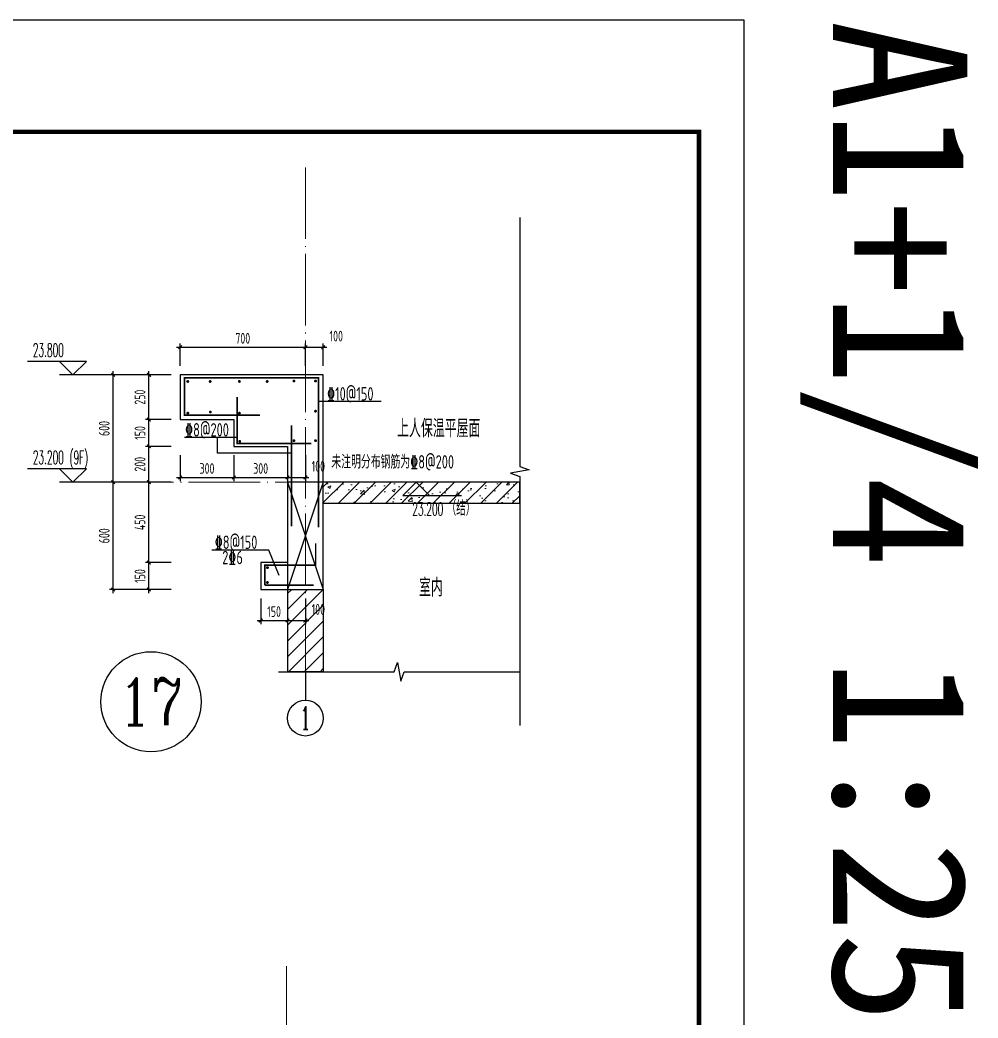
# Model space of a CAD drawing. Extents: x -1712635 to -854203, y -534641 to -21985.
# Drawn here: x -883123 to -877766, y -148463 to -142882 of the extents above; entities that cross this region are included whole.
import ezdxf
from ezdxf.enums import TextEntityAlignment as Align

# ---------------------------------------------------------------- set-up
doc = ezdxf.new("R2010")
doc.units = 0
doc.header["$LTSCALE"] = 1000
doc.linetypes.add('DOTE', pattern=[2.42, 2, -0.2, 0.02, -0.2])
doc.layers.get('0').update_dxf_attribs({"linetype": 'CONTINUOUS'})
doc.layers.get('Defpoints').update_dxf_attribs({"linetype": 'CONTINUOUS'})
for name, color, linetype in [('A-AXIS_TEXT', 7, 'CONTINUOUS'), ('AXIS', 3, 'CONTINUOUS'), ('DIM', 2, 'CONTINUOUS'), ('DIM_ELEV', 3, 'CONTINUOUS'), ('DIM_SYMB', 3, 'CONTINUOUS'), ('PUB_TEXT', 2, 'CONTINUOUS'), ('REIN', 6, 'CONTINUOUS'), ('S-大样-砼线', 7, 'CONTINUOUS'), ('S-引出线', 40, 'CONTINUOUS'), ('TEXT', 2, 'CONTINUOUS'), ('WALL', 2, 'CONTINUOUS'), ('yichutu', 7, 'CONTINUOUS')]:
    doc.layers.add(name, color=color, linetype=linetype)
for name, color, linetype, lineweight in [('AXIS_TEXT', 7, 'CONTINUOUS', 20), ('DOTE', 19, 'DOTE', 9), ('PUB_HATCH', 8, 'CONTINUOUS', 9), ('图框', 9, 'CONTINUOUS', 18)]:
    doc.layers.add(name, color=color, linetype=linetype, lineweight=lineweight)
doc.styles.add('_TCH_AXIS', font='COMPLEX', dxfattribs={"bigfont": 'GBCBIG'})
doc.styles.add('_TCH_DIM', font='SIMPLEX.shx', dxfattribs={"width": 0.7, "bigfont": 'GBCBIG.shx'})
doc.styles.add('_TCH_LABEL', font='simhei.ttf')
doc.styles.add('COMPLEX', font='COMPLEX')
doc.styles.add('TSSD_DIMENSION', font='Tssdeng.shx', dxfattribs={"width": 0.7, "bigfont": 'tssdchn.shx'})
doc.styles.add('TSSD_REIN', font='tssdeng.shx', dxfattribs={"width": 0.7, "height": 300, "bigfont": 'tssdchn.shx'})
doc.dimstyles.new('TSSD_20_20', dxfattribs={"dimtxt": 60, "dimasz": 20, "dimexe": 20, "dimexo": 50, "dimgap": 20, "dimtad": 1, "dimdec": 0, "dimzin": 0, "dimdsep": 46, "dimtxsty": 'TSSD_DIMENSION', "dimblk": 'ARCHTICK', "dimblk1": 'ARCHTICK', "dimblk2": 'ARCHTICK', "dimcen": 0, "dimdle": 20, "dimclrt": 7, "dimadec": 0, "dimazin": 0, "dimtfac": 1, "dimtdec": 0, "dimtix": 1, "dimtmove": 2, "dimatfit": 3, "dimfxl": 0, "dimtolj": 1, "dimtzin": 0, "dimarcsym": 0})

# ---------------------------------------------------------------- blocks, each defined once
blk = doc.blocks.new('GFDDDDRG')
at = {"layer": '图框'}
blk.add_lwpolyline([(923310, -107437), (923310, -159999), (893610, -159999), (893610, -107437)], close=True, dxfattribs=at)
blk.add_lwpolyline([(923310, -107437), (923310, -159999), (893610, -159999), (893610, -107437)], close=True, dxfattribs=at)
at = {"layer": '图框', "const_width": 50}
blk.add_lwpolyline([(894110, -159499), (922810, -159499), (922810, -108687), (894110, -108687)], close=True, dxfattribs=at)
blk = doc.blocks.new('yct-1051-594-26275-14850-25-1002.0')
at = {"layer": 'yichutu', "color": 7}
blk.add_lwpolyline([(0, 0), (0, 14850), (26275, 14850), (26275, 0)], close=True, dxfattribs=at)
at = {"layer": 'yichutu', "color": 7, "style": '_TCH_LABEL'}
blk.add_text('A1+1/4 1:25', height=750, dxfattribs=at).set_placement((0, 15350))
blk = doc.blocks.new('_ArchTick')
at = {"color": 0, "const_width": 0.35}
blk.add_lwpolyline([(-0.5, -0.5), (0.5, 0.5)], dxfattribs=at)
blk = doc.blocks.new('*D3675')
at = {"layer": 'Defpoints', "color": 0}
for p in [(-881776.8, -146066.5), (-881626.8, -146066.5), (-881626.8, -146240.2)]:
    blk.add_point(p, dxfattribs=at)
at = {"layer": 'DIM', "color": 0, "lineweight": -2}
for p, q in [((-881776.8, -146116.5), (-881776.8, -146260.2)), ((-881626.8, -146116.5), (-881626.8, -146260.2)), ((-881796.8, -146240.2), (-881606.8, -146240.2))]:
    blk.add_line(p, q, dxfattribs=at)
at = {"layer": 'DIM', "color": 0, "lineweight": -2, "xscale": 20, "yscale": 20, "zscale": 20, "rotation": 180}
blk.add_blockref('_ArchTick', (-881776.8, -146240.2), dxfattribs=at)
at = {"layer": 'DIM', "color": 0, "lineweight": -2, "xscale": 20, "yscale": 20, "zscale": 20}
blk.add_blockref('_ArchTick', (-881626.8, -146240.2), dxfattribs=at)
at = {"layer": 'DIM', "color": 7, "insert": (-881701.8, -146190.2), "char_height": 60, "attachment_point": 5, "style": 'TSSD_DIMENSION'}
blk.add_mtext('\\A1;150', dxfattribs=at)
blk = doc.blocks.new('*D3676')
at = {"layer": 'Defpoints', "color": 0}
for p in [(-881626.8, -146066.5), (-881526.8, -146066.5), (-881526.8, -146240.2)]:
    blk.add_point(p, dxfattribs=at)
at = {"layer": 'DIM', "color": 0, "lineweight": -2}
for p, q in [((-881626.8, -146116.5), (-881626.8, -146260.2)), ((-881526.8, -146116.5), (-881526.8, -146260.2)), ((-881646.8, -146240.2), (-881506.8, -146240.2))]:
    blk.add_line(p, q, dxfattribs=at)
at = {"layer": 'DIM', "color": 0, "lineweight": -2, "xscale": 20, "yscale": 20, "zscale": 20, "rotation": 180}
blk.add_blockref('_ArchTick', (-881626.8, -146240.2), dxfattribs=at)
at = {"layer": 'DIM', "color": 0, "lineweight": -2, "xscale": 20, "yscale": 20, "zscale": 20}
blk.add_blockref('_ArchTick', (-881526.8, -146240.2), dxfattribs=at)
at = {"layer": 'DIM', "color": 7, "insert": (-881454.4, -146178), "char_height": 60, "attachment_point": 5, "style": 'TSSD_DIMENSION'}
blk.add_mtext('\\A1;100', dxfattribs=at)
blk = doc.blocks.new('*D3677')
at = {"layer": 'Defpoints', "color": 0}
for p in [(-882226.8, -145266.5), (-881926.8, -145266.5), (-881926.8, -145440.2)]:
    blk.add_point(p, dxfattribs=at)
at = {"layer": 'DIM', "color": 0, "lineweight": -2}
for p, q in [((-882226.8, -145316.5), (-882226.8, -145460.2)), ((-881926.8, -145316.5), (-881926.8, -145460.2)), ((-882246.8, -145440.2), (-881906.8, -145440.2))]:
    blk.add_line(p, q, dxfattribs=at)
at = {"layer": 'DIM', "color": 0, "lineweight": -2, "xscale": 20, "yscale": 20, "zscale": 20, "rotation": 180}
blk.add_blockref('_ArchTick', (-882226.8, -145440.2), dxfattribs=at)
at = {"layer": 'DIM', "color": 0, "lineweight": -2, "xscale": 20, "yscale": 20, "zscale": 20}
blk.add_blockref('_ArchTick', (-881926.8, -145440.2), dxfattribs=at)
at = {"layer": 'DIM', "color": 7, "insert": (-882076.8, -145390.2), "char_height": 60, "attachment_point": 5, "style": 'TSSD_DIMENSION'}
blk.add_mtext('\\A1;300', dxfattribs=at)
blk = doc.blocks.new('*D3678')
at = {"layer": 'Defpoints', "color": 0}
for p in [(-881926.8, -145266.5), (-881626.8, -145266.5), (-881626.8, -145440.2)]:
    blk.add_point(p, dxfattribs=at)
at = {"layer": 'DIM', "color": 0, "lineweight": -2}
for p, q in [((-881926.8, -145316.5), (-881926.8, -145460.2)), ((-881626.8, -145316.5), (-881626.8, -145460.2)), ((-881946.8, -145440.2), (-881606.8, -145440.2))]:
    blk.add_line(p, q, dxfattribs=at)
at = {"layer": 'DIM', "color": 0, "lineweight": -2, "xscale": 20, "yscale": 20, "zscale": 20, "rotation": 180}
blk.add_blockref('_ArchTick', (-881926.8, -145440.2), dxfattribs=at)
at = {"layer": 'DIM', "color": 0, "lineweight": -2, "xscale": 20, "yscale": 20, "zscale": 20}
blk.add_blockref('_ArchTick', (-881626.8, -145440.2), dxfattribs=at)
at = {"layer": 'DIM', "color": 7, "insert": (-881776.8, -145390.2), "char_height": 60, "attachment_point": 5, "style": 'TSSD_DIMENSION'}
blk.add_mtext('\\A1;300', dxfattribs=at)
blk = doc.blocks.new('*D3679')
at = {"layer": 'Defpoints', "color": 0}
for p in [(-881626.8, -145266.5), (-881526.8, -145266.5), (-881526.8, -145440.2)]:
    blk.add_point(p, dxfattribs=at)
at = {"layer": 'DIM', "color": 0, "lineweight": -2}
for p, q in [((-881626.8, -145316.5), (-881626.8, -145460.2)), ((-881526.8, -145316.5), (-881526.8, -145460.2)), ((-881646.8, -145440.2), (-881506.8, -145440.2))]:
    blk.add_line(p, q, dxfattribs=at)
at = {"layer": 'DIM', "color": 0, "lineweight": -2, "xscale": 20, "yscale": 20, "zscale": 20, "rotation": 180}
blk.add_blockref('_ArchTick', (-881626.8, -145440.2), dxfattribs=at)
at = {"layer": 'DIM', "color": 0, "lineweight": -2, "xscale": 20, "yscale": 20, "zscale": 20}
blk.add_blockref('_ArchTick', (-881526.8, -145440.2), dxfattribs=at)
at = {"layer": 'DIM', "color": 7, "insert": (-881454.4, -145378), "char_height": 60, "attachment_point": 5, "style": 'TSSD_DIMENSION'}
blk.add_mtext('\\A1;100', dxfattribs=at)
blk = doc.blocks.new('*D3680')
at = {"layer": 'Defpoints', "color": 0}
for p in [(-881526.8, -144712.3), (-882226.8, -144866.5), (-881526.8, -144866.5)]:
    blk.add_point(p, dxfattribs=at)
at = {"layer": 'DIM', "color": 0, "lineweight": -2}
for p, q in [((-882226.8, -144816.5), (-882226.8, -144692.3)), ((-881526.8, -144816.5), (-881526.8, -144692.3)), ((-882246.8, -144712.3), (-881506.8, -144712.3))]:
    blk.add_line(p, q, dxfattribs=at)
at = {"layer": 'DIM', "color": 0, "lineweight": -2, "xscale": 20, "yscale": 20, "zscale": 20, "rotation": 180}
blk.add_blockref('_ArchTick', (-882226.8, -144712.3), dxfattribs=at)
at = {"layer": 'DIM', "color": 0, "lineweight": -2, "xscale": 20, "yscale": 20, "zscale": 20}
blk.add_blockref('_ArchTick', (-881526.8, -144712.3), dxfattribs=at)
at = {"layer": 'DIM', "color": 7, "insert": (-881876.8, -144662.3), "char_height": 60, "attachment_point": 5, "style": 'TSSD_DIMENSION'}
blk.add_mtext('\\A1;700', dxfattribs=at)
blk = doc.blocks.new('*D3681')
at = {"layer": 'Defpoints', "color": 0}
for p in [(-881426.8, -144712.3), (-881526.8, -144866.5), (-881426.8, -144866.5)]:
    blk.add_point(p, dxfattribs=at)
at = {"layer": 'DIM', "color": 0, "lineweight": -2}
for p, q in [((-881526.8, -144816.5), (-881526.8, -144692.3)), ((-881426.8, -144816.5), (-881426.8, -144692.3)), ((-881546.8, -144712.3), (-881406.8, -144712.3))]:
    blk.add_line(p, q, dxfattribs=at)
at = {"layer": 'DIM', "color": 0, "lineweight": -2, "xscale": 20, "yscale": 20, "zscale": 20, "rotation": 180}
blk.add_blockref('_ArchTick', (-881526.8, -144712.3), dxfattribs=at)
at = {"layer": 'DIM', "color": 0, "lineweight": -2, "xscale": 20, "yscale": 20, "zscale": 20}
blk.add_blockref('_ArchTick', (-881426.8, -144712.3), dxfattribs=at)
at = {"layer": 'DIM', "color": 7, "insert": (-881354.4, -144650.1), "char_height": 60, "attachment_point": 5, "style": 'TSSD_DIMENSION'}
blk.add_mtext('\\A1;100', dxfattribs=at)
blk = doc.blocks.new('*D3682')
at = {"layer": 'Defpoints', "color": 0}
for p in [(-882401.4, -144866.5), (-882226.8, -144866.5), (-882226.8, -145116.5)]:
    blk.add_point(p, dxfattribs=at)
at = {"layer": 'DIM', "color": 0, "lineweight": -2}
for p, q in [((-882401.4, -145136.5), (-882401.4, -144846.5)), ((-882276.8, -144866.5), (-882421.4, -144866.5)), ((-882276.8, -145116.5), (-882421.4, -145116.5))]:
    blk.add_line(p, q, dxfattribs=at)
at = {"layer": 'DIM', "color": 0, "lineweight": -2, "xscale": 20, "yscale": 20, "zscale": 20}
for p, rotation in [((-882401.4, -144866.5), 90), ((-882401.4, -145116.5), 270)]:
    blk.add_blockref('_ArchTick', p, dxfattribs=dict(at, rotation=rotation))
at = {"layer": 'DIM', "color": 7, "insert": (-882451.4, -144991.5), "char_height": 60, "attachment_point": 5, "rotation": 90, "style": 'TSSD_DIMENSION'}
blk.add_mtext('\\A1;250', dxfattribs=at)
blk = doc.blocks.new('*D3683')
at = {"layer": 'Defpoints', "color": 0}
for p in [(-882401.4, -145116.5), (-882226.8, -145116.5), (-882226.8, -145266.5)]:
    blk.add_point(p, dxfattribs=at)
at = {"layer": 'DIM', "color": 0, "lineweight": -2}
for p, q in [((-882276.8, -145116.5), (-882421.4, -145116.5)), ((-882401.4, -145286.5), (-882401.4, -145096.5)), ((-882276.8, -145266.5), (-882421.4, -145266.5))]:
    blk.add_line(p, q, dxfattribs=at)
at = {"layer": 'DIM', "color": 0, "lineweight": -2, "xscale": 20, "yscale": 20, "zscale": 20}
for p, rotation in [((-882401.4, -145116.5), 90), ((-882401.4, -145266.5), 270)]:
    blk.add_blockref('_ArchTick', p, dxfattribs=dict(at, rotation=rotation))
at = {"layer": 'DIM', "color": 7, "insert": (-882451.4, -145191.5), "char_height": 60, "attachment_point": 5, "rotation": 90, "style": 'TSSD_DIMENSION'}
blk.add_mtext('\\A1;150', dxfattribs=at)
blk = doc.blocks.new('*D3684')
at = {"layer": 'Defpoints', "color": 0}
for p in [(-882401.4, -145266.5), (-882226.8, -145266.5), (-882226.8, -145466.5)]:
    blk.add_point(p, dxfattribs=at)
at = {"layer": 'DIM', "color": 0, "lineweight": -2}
###
Above are the lines; repeat exactly the ones from the line containing "for name, color, linetype, lineweight" down to the line containing "color=color, linetype=linetype, lineweight=lineweight)", both inclusive.

§ Answer to this exercise:
for name, color, linetype, lineweight in [('AXIS_TEXT', 7, 'CONTINUOUS', 20), ('DOTE', 19, 'DOTE', 9), ('PUB_HATCH', 8, 'CONTINUOUS', 9), ('图框', 9, 'CONTINUOUS', 18)]:
    doc.layers.add(name, color=color, linetype=linetype, lineweight=lineweight)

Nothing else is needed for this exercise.